Pseudomonas exotoxin A mutants. Replacement of surface-exposed residues in domain III with cysteine residues that can be modified with polyethylene glycol in a site-specific manner.

Pseudomonas exotoxin A (PE) is composed of three structural and functional domains. Domain Ia is responsible for cell recognition, domain II for translocation of PE across the cell membrane, and domain III for ADP-ribosylation of elongation factor 2. To investigate the role of the amino acids exposed on the surface of domain III, we replaced 15 of these, generating 29 different mutants at positions 412, 416, 418, 490, 513, 516, 522, 551, 576, 590, 599, 604, 606, 607 and 608. All but one mutant retained substantial ADP-ribosylation and cytotoxic activities.

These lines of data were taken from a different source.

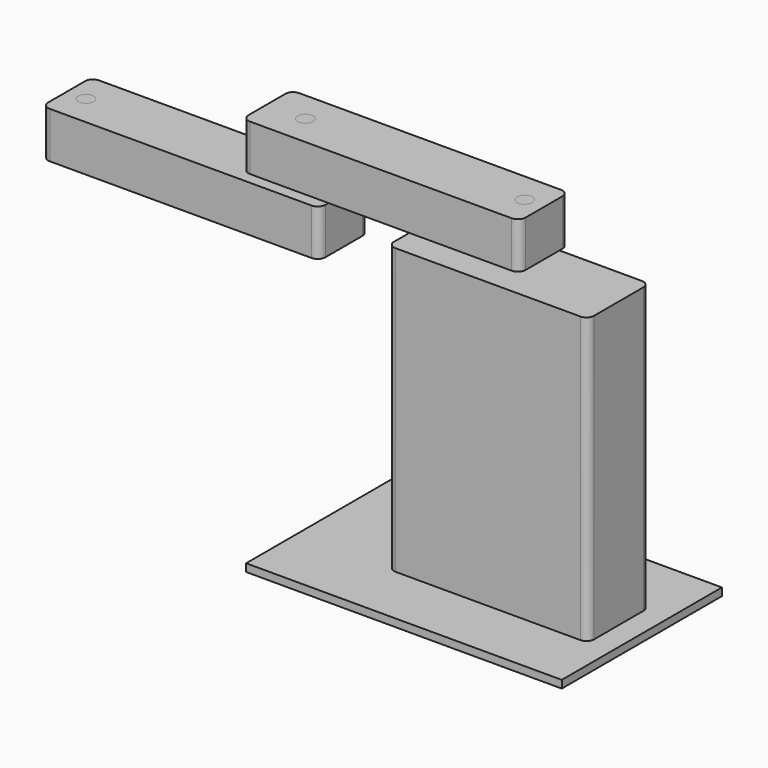
from build123d import *

# Parameters (mm, degrees)
F0_W      = 360
F0_H      = 80
F1_DEPTH  = 60
F3_W      = 260
F3_H      = 100
F4_DEPTH  = 370
F5_W      = 410
F5_H      = 260
F5_W_2    = 260
F5_H_2    = 100
F6_DEPTH  = 10
F7_W      = 360
F7_H      = 80
F8_DEPTH  = 60
F10_R     = 10
F10_2_R   = 10
F10_3_R   = 10
F11_T     = -4
F11_2_T   = -4
F11_3_T   = -4
F9_R      = 10
F12_DEPTH = 130
F13_DEPTH = 130
F14_R     = 10
F15_DEPTH = 60
F20_R     = 17.5
F20_R_2   = 10
F21_DEPTH = 10


# Not quite as in the source:
# - a feature names something its author has since deleted; it is built from what else it names


with BuildPart() as f1:
    # F0 (on Top) → F1 (new body)
    with BuildSketch(Plane.XY):
        Rectangle(F0_W, F0_H)
    extrude(amount=-F1_DEPTH)

    # F10
    f10_edges = [f1.edges().sort_by_distance(p)[0] for p in [
        (-180, -40, -30),
        (180, -40, -30),
        (180, 40, -30),
        (-180, 40, -30),
    ]]
    fillet(f10_edges, radius=F10_R)

    # F11
    f11_openings = [f1.faces().sort_by_distance(p)[0] for p in [
        (0, 0, -60),
    ]]
    offset(amount=F11_T, openings=f11_openings)


with BuildPart() as f4:
    # F3 (on offset) → F4 (new body)
    with BuildSketch(Plane.XY.offset(-70)):
        with Locations((155, -10)):
            Rectangle(F3_W, F3_H)
    extrude(amount=-F4_DEPTH)

    # F10#2
    f10_2_edges = [f4.edges().sort_by_distance(p)[0] for p in [
        (25, 40, -255),
        (25, -60, -255),
        (285, 40, -255),
        (285, -60, -255),
    ]]
    fillet(f10_2_edges, radius=F10_2_R)

    # F11#3
    f11_3_openings = [f4.faces().sort_by_distance(p)[0] for p in [
        (155, -10, -440),
    ]]
    offset(amount=F11_3_T, openings=f11_3_openings)


with BuildPart() as f6:
    # F5 (on face) → F6 (new body)
    with BuildSketch(Plane(origin=(0, 0, -440), x_dir=(1, 0, 0), z_dir=(0, 0, -1))):
        with Locations((110, 10)):
            Rectangle(F5_W, F5_H)
        with Locations((155, 10)):
            Rectangle(F5_W_2, F5_H_2, mode=Mode.SUBTRACT)
        with Locations((155, 10)):
            Rectangle(F5_W_2, F5_H_2)
    extrude(amount=F6_DEPTH)


with BuildPart() as f8:
    # F7 (on face) → F8 (new body)
    with BuildSketch(Plane.XY.offset(-70)):
        with Locations((-260, 0)):
            Rectangle(F7_W, F7_H)
    extrude(amount=-F8_DEPTH)

    # F10#3
    f10_3_edges = [f8.edges().sort_by_distance(p)[0] for p in [
        (-440, -40, -100),
        (-440, 40, -100),
        (-80, 40, -100),
        (-80, -40, -100),
    ]]
    fillet(f10_3_edges, radius=F10_3_R)

    # F11#2
    f11_2_openings = [f8.faces().sort_by_distance(p)[0] for p in [
        (-260, 0, -130),
    ]]
    offset(amount=F11_2_T, openings=f11_2_openings)


with BuildPart() as f12_tool:
    # F9 (on face) → F12 (new body)
    with BuildSketch(Plane.XY):
        with Locations((-415, 0)):
            Circle(F9_R)
        with Locations((-130, 0)):
            Circle(F9_R)
        with Locations((155, 0)):
            Circle(F9_R)
    extrude(amount=-F12_DEPTH)


with BuildPart() as f1_1:
    add(f1.part)

    # F12: cut by f12_tool
    add(f12_tool.part, mode=Mode.SUBTRACT)


with BuildPart() as f4_1:
    add(f4.part)

    # F12: cut by f12_tool
    add(f12_tool.part, mode=Mode.SUBTRACT)


with BuildPart() as f8_1:
    add(f8.part)

    # F12: cut by f12_tool
    add(f12_tool.part, mode=Mode.SUBTRACT)


with BuildPart() as f13:
    # F9 (on face) → F13 (new body)
    with BuildSketch(Plane.XY):
        with Locations((-130, 0)):
            Circle(F9_R)
    extrude(amount=-F13_DEPTH)


with BuildPart() as f13b:
    # F9 (on face) → F13, piece 2 (new body)
    with BuildSketch(Plane.XY):
        with Locations((155, 0)):
            Circle(F9_R)
    extrude(amount=-F13_DEPTH)


with BuildPart() as f15:
    # F14 (on face) → F15 (new body)
    with BuildSketch(Plane.XY.offset(-70)):
        with Locations((-415, 0)):
            Circle(F14_R)
    extrude(amount=-F15_DEPTH)


with BuildPart() as f21:
    # F20 (on offset) → F21 (new body)
    with BuildSketch(Plane(origin=(0, 0, -107), x_dir=(1, 0, 0), z_dir=(0, 0, -1))):
        with Locations((-130, 0)):
            Circle(F20_R)
        with Locations((-130, 0)):
            Circle(F20_R_2, mode=Mode.SUBTRACT)
    extrude(amount=-F21_DEPTH)


solid = Compound([f6.part, f1_1.part, f4_1.part, f8_1.part, f13.part, f13b.part, f15.part])

Modification of proteins with monomethoxy-polyethylene glycol (mPEG) prolongs their circulation in the blood stream and reduces their immunogenicity. Unlike PEGylated enzymes acting on small molecule substrates, PEGylated toxins may lose those functions that are based on macromolecular interactions. Therefore, we selectively PEGylated mutant PEs at positions 490, 513, 516, 522, 604, and 606. Most PEs modified by a 5-kDa mPEG via a disulfide or a thioether bond retained high cytotoxic activity. However, when a 20-kDa mPEG was used there was a decrease in cytotoxic activity with the disulfide-bonded molecules being more active. Positions 522 and 604 are good sites for PEGylation, but 490 is not. We also found that PEGylation of PE 522C prolonged its in vivo circulation time in mice.